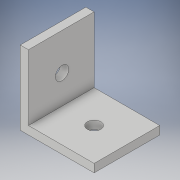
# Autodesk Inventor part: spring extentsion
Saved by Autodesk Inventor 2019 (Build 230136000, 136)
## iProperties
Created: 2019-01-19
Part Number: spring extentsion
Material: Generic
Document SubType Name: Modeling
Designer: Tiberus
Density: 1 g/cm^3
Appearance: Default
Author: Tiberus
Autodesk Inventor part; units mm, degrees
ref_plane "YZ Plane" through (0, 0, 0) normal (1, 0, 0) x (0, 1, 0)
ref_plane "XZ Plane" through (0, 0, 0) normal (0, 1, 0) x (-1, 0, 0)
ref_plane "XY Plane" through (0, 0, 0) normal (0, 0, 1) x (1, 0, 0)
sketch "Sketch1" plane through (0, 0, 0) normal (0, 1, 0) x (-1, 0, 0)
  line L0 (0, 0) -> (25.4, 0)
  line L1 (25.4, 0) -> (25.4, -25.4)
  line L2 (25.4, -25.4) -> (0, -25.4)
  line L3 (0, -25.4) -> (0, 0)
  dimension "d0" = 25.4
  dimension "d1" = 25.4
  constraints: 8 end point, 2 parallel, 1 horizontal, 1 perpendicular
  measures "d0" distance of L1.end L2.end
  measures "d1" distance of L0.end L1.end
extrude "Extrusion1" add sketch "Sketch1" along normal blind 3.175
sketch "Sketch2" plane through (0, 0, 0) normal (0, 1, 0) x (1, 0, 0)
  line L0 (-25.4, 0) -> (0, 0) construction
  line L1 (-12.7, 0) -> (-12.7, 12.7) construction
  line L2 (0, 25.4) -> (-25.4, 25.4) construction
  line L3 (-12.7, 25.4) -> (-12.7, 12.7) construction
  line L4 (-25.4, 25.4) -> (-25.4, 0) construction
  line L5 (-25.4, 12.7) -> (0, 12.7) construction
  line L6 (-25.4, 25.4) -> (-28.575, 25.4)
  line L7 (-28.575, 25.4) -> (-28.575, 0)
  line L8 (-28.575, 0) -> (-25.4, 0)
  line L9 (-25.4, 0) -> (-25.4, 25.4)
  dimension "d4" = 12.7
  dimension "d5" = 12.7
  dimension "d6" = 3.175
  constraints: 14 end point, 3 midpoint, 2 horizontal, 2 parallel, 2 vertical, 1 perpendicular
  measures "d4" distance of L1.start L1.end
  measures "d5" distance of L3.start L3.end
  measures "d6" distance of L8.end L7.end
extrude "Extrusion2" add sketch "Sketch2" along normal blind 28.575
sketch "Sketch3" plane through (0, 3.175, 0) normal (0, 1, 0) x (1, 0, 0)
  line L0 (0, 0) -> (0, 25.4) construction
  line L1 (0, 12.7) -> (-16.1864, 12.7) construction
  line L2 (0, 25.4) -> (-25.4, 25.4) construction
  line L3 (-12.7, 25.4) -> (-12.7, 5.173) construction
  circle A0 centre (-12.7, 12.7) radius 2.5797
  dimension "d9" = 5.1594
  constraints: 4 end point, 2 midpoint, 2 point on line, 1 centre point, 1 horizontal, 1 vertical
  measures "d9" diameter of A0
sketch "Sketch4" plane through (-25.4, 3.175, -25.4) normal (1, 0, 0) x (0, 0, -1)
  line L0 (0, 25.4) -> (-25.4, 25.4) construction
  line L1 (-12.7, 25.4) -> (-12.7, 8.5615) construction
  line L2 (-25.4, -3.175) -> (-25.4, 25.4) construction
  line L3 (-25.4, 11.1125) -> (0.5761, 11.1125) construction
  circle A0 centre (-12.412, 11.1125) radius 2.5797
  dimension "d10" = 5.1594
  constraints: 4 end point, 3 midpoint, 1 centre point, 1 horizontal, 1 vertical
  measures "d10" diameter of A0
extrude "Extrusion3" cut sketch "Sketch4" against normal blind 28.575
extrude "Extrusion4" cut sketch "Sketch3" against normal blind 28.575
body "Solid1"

..........

Work to complete: When "start" shows up in a line of the material, report that line.

Problem solution:
  measures "d4" distance of L1.start L1.end
  measures "d5" distance of L3.start L3.end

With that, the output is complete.